Russian Meteor Impact: What is known? Technical Details

The large fireball (technically, a "superbolide") observed on the morning of February 15, 2013 in the skies near Chelyabinsk, Russia, was caused by a relatively small asteroid approximately 17 to 20 meters in size, entering the Earth's atmosphere at high speed and a shallow angle.

In doing so it released a tremendous amount of energy, fragmented at high altitude, and produced a shower of pieces of various sizes that fell to the ground as meteorites.

The fireball was observed not only by video cameras and low frequency infra-sound detectors, but also by U.S. Government sensors.

As a result, the details of the impact have become clearer. There is no connection between the Russian fireball event and the close approach of asteroid 2012 DA14, which occurred just over 16 hours later.

New Fireball Data
U.S. Government sensor data on fireballs are now reported on the NASA Near-Earth Object Program Office website.

The February 15th event is the first entry on this new site, and it provides the following information about the fireball:

• Date and time of maximum brightness: 15 Feb. 2013/03:20:33 GMT
• Geographic location of maximum brightness: Latitude: 54.8 deg. N :: Longitude: 61.1 deg. E
• Altitude of maximum brightness: 23.3 km (14.5 miles)
• Velocity at peak brightness: 18.6 km/s (11.6 miles/s)
• Approximate total radiated energy of fireball: 3.75 x 10^14 Joules. This is the equivalent of about 90 kilotons (kt) of TNT explosives, but it does not represent the total impact energy (see note below).
• Approximate total impact energy of the fireball in kilotons of TNT explosives (the energy parameter usually quoted for a fireball): 440 kt.

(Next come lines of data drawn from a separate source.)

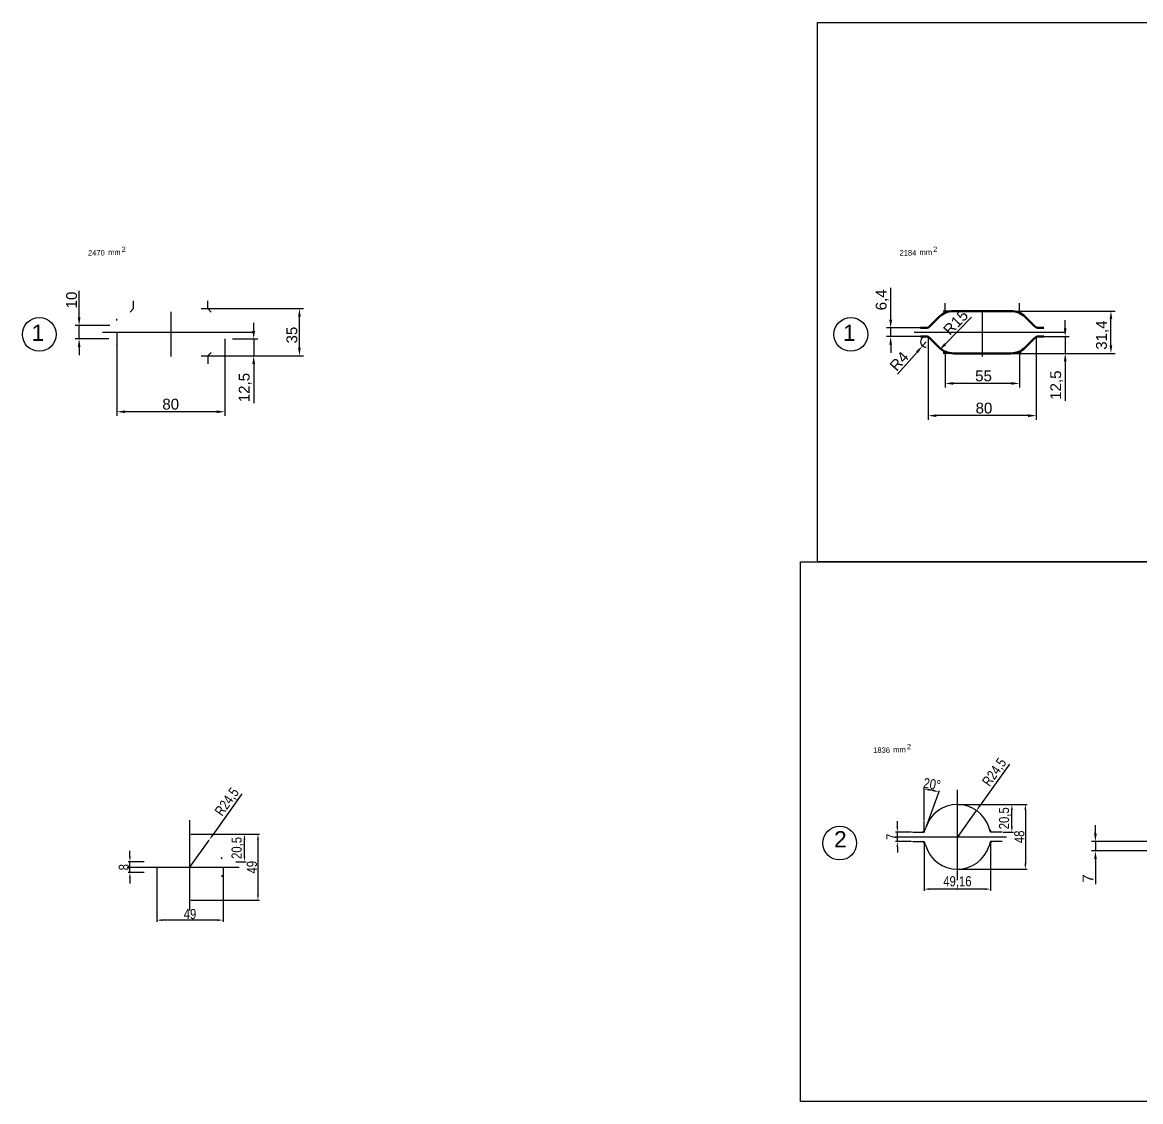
# Model space of a CAD drawing. Header units: millimetres. Extents: x 6647 to 33601, y -1887 to 8501.
# Drawn here: x 31513 to 32341, y 7701 to 8501 of the extents above; entities that cross this region are included whole.
import ezdxf

# ---------------------------------------------------------------- set-up
doc = ezdxf.new("R2010")
doc.units = ezdxf.units.MM
for name, color, linetype, lineweight in [('контурная', 7, 'Continuous', 50), ('размерные', 220, 'Continuous', 25), ('тонкая', 7, 'Continuous', 25), ('тонкий', 7, 'Continuous', 20)]:
    doc.layers.add(name, color=color, linetype=linetype, lineweight=lineweight)
doc.layers.add('осевая', color=4, linetype='Continuous')
doc.styles.add('s1v4', font='ARIAL.TTF', dxfattribs={"height": 4})
doc.styles.add('s3v2.5', font='ARIAL.TTF', dxfattribs={"width": 0.8, "height": 7.5})
doc.styles.get("Standard").update_dxf_attribs({"font": 'ARIAL.TTF'})
doc.dimstyles.new('s2v4', dxfattribs={"dimtxt": 8, "dimasz": 6, "dimexe": 3, "dimexo": 0, "dimgap": 1.5, "dimtad": 1, "dimtxsty": 'Standard', "dimcen": 2.5, "dimadec": 0, "dimazin": 0, "dimtfac": 1, "dimtmove": 0, "dimatfit": 3, "dimfxl": 1, "dimarcsym": 0})
doc.dimstyles.new('s2v4$0', dxfattribs={"dimtxt": 8, "dimasz": 6, "dimexe": 3, "dimexo": 0, "dimgap": 1.5, "dimtad": 1, "dimtxsty": 'Standard', "dimcen": 2.5, "dimadec": 0, "dimazin": 0, "dimtfac": 1, "dimtmove": 0, "dimatfit": 3, "dimfxl": 1, "dimarcsym": 0})
doc.dimstyles.new('s3v2.5', dxfattribs={"dimtxt": 7.5, "dimasz": 4, "dimexe": 1.25, "dimexo": 0.625, "dimtad": 1, "dimtxsty": 's3v2.5', "dimcen": 1.5, "dimclrd": 6, "dimclre": 256, "dimclrt": 1, "dimadec": 0, "dimazin": 0, "dimtfac": 1, "dimtmove": 0, "dimatfit": 3, "dimfxl": 1, "dimlwd": -1, "dimlwe": -1, "dimarcsym": 0})

# ---------------------------------------------------------------- blocks, each defined once
blk = doc.blocks.new('*D279')
at = {"layer": 'Defpoints', "color": 0, "transparency": 16777216}
for p in [(32307.72, 7893.96), (32346.98, 7893.96), (32346.98, 7886.96)]:
    blk.add_point(p, dxfattribs=at)
at = {"layer": 'тонкий', "color": 0, "lineweight": -2, "transparency": 16777216}
for p, q in [((32307.72, 7899.96), (32307.72, 7905.96)), ((32346.98, 7893.96), (32304.72, 7893.96)), ((32307.72, 7893.96), (32307.72, 7886.96)), ((32346.98, 7886.96), (32304.72, 7886.96)), ((32307.72, 7880.96), (32307.72, 7862.44))]:
    blk.add_line(p, q, dxfattribs=at)
at = {"layer": 'тонкий', "color": 0, "transparency": 16777216}
for points in [[(32306.72, 7899.96), (32308.72, 7899.96), (32307.72, 7893.96)], [(32306.72, 7880.96), (32308.72, 7880.96), (32307.72, 7886.96)]]:
    blk.add_solid(points, dxfattribs=at)
at = {"layer": 'тонкий', "color": 0, "transparency": 16777216, "insert": (32302.22, 7866.53), "char_height": 8, "attachment_point": 5, "rotation": 90}
blk.add_mtext('7', dxfattribs=at)
blk = doc.blocks.new('*D136')
at = {"layer": 'Defpoints', "color": 0, "transparency": 16777216}
for p in [(32252.67, 8287.15), (32319.22, 8287.15), (32288.32, 8255.75)]:
    blk.add_point(p, dxfattribs=at)
at = {"layer": 'тонкий', "color": 0, "lineweight": -2, "transparency": 16777216}
for p, q in [((32252.67, 8287.15), (32322.22, 8287.15)), ((32319.22, 8261.75), (32319.22, 8281.15)), ((32288.32, 8255.75), (32322.22, 8255.75))]:
    blk.add_line(p, q, dxfattribs=at)
at = {"layer": 'тонкий', "color": 0, "transparency": 16777216}
for points in [[(32318.22, 8281.15), (32320.22, 8281.15), (32319.22, 8287.15)], [(32318.22, 8261.75), (32320.22, 8261.75), (32319.22, 8255.75)]]:
    blk.add_solid(points, dxfattribs=at)
at = {"layer": 'тонкий', "color": 0, "transparency": 16777216, "insert": (32312.91, 8269.3), "char_height": 8, "attachment_point": 5, "rotation": 90}
blk.add_mtext('31,4', dxfattribs=at)
blk = doc.blocks.new('*D280')
at = {"layer": 'Defpoints', "color": 0, "transparency": 16777216}
for p in [(32155.98, 8274.65), (32178.06, 8274.65), (32178.06, 8268.25)]:
    blk.add_point(p, dxfattribs=at)
at = {"layer": 'тонкий', "color": 0, "lineweight": -2, "transparency": 16777216}
for p, q in [((32155.98, 8280.65), (32155.98, 8304.22)), ((32178.06, 8274.65), (32152.98, 8274.65)), ((32155.98, 8268.25), (32155.98, 8274.65)), ((32178.06, 8268.25), (32152.98, 8268.25)), ((32155.98, 8262.25), (32155.98, 8256.25))]:
    blk.add_line(p, q, dxfattribs=at)
at = {"layer": 'тонкий', "color": 0, "transparency": 16777216}
for points in [[(32154.98, 8280.65), (32156.98, 8280.65), (32155.98, 8274.65)], [(32154.98, 8262.25), (32156.98, 8262.25), (32155.98, 8268.25)]]:
    blk.add_solid(points, dxfattribs=at)
at = {"layer": 'тонкий', "color": 0, "transparency": 16777216, "insert": (32149.67, 8295.43), "char_height": 8, "attachment_point": 5, "rotation": 90}
blk.add_mtext('6,4', dxfattribs=at)
blk = doc.blocks.new('*D281')
at = {"layer": 'Defpoints', "color": 0, "transparency": 16777216}
for p in [(32269.6, 8268.25), (32252.67, 8255.75), (32285.32, 8255.75)]:
    blk.add_point(p, dxfattribs=at)
at = {"layer": 'тонкий', "color": 0, "lineweight": -2, "transparency": 16777216}
for p, q in [((32285.32, 8274.25), (32285.32, 8280.25)), ((32269.6, 8268.25), (32288.32, 8268.25)), ((32285.32, 8268.25), (32285.32, 8255.75)), ((32252.67, 8255.75), (32288.32, 8255.75)), ((32285.32, 8249.75), (32285.32, 8220.66))]:
    blk.add_line(p, q, dxfattribs=at)
at = {"layer": 'тонкий', "color": 0, "transparency": 16777216}
for points in [[(32284.32, 8274.25), (32286.32, 8274.25), (32285.32, 8268.25)], [(32284.32, 8249.75), (32286.32, 8249.75), (32285.32, 8255.75)]]:
    blk.add_solid(points, dxfattribs=at)
at = {"layer": 'тонкий', "color": 0, "transparency": 16777216, "insert": (32279.01, 8232.2), "char_height": 8, "attachment_point": 5, "rotation": 90}
blk.add_mtext('12,5', dxfattribs=at)
blk = doc.blocks.new('*D282')
at = {"layer": 'Defpoints', "color": 0, "transparency": 16777216}
for p in [(32196.33, 8249.87), (32251.33, 8249.87), (32196.33, 8233.49)]:
    blk.add_point(p, dxfattribs=at)
at = {"layer": 'тонкий', "color": 0, "lineweight": -2, "transparency": 16777216}
for p, q in [((32196.33, 8249.87), (32196.33, 8230.49)), ((32251.33, 8249.87), (32251.33, 8230.49)), ((32245.33, 8233.49), (32202.33, 8233.49))]:
    blk.add_line(p, q, dxfattribs=at)
at = {"layer": 'тонкий', "color": 0, "transparency": 16777216}
for points in [[(32202.33, 8234.49), (32202.33, 8232.49), (32196.33, 8233.49)], [(32245.33, 8234.49), (32245.33, 8232.49), (32251.33, 8233.49)]]:
    blk.add_solid(points, dxfattribs=at)
at = {"layer": 'тонкий', "color": 0, "transparency": 16777216, "insert": (32224.8, 8239.05), "char_height": 8, "attachment_point": 5}
blk.add_mtext('55', dxfattribs=at)
blk = doc.blocks.new('*D283')
at = {"layer": 'Defpoints', "color": 0, "transparency": 16777216}
for p in [(32183.83, 8268.25), (32263.83, 8268.25), (32183.83, 8209.59)]:
    blk.add_point(p, dxfattribs=at)
at = {"layer": 'тонкий', "color": 0, "lineweight": -2, "transparency": 16777216}
for p, q in [((32183.83, 8268.25), (32183.83, 8206.59)), ((32263.83, 8268.25), (32263.83, 8206.59)), ((32257.83, 8209.59), (32189.83, 8209.59))]:
    blk.add_line(p, q, dxfattribs=at)
at = {"layer": 'тонкий', "color": 0, "transparency": 16777216}
for points in [[(32189.83, 8210.59), (32189.83, 8208.59), (32183.83, 8209.59)], [(32257.83, 8210.59), (32257.83, 8208.59), (32263.83, 8209.59)]]:
    blk.add_solid(points, dxfattribs=at)
at = {"layer": 'тонкий', "color": 0, "transparency": 16777216, "insert": (32225.11, 8215.17), "char_height": 8, "attachment_point": 5}
blk.add_mtext('80', dxfattribs=at)
blk = doc.blocks.new('*D137')
at = {"layer": 'Defpoints', "color": 0, "transparency": 16777216}
for p in [(32202.54, 8268.95), (32192.09, 8258.19)]:
    blk.add_point(p, dxfattribs=at)
at = {"layer": 'тонкий', "color": 0, "lineweight": -2, "transparency": 16777216}
blk.add_line((32215.91, 8282.7), (32196.27, 8262.49), dxfattribs=at)
at = {"layer": 'тонкий', "color": 0, "transparency": 16777216}
blk.add_solid([(32195.55, 8263.19), (32196.99, 8261.8), (32192.09, 8258.19)], dxfattribs=at)
at = {"layer": 'тонкий', "color": 0, "transparency": 16777216, "insert": (32204.18, 8278.64), "char_height": 8, "attachment_point": 5, "rotation": 45.812}
blk.add_mtext('R15', dxfattribs=at)
blk = doc.blocks.new('*D284')
at = {"layer": 'Defpoints', "color": 0, "transparency": 16777216}
for p in [(32182.17, 8264.25), (32179.53, 8261.24)]:
    blk.add_point(p, dxfattribs=at)
at = {"layer": 'тонкий', "color": 0, "lineweight": -2, "transparency": 16777216}
for p, q in [((32182.17, 8264.25), (32179.53, 8261.24)), ((32161.12, 8240.33), (32175.57, 8256.74))]:
    blk.add_line(p, q, dxfattribs=at)
blk.add_arc((32182.17, 8264.25), 4, 90, 271.61723, dxfattribs=at)
at = {"layer": 'тонкий', "color": 0, "transparency": 16777216}
blk.add_solid([(32174.82, 8257.4), (32176.32, 8256.08), (32179.53, 8261.24)], dxfattribs=at)
at = {"layer": 'тонкий', "color": 0, "transparency": 16777216, "insert": (32162.23, 8249.92), "char_height": 8, "attachment_point": 5, "rotation": 48.64539}
blk.add_mtext('R4', dxfattribs=at)
blk = doc.blocks.new('*D171')
at = {"layer": 'Defpoints', "color": 0, "transparency": 16777216}
for p in [(32205.43, 7921.41), (32205.43, 7873.41), (32255.79, 7873.41)]:
    blk.add_point(p, dxfattribs=at)
at = {"layer": 'тонкая', "transparency": 16777216}
for p, q in [((32206.05, 7921.41), (32257.04, 7921.41)), ((32206.05, 7873.41), (32257.04, 7873.41))]:
    blk.add_line(p, q, dxfattribs=at)
at = {"layer": 'тонкая', "color": 6, "transparency": 16777216}
blk.add_line((32255.79, 7917.41), (32255.79, 7877.41), dxfattribs=at)
for points in [[(32255.12, 7917.41), (32256.45, 7917.41), (32255.79, 7921.41)], [(32255.12, 7877.41), (32256.45, 7877.41), (32255.79, 7873.41)]]:
    blk.add_solid(points, dxfattribs=at)
at = {"layer": 'тонкая', "color": 1, "transparency": 16777216, "insert": (32251.33, 7897.41), "char_height": 7.5, "attachment_point": 5, "rotation": 90, "style": 's3v2.5'}
blk.add_mtext('48', dxfattribs=at)
blk = doc.blocks.new('*D172')
at = {"layer": 'Defpoints', "color": 0, "transparency": 16777216}
for p in [(32180.85, 7893.91), (32230.01, 7893.91), (32180.85, 7858.66)]:
    blk.add_point(p, dxfattribs=at)
at = {"layer": 'тонкая', "transparency": 16777216}
for p, q in [((32180.85, 7893.28), (32180.85, 7857.41)), ((32230.01, 7893.28), (32230.01, 7857.41))]:
    blk.add_line(p, q, dxfattribs=at)
at = {"layer": 'тонкая', "color": 6, "transparency": 16777216}
blk.add_line((32226.01, 7858.66), (32184.85, 7858.66), dxfattribs=at)
for points in [[(32184.85, 7859.33), (32184.85, 7857.99), (32180.85, 7858.66)], [(32226.01, 7859.33), (32226.01, 7857.99), (32230.01, 7858.66)]]:
    blk.add_solid(points, dxfattribs=at)
at = {"layer": 'тонкая', "color": 1, "transparency": 16777216, "insert": (32205.43, 7863.79), "char_height": 7.5, "attachment_point": 5, "style": 's3v2.5'}
blk.add_mtext('49,16', dxfattribs=at)
blk = doc.blocks.new('*D173')
at = {"layer": 'Defpoints', "color": 0, "transparency": 16777216}
for p in [(32160.92, 7900.91), (32172.15, 7900.91), (32172.15, 7893.91)]:
    blk.add_point(p, dxfattribs=at)
at = {"layer": 'тонкая', "color": 6, "transparency": 16777216}
for p, q in [((32160.92, 7904.91), (32160.92, 7908.91)), ((32160.92, 7893.91), (32160.92, 7900.91)), ((32160.92, 7889.91), (32160.92, 7885.91))]:
    blk.add_line(p, q, dxfattribs=at)
at = {"layer": 'тонкая', "transparency": 16777216}
for p, q in [((32171.52, 7900.91), (32159.67, 7900.91)), ((32171.52, 7893.91), (32159.67, 7893.91))]:
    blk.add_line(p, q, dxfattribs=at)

Note that the total energy of a fireball event is several times larger than the observed total radiated energy.

The JPL fireballs website uses the following empirical formula derived by Peter Brown and colleagues to convert the optical radiant energy Eo into an estimate of the total impact energy E (see: Brown et al., The flux of small near-Earth objects colliding with the Earth. Nature, vol. 420, 21 Nov. 2002, pp. 294-296):.

E = 8.2508 x E_o ^0.885

During the atmospheric entry phase, an impacting object is both slowed and heated by atmospheric friction.

In front of it, a bow shock develops where atmospheric gases are compressed and heated. Some of this energy is radiated to the object causing it to ablate, and in most cases, to break apart.

Fragmentation increases the amount of atmosphere intercepted and so enhances ablation and atmospheric braking.

The object catastrophically disrupts when the force from the unequal pressures on the front and back sides exceeds its tensile strength.

This was an extraordinarily large fireball, the most energetic impact event recognized since the 1908 Tunguska blast in Russian Siberia.

The meteorites recovered from the Chelyabinsk fireball are reported to be ordinary chondrites, which have a typical density of about 3.6 g/cm^3.

Given the total energy of about 440 kt, the approximate effective diameter of the asteroid would be about 18 meters, and its mass would be roughly 11,000 tons.

NB: All estimates of total energy, diameter and mass are very approximate.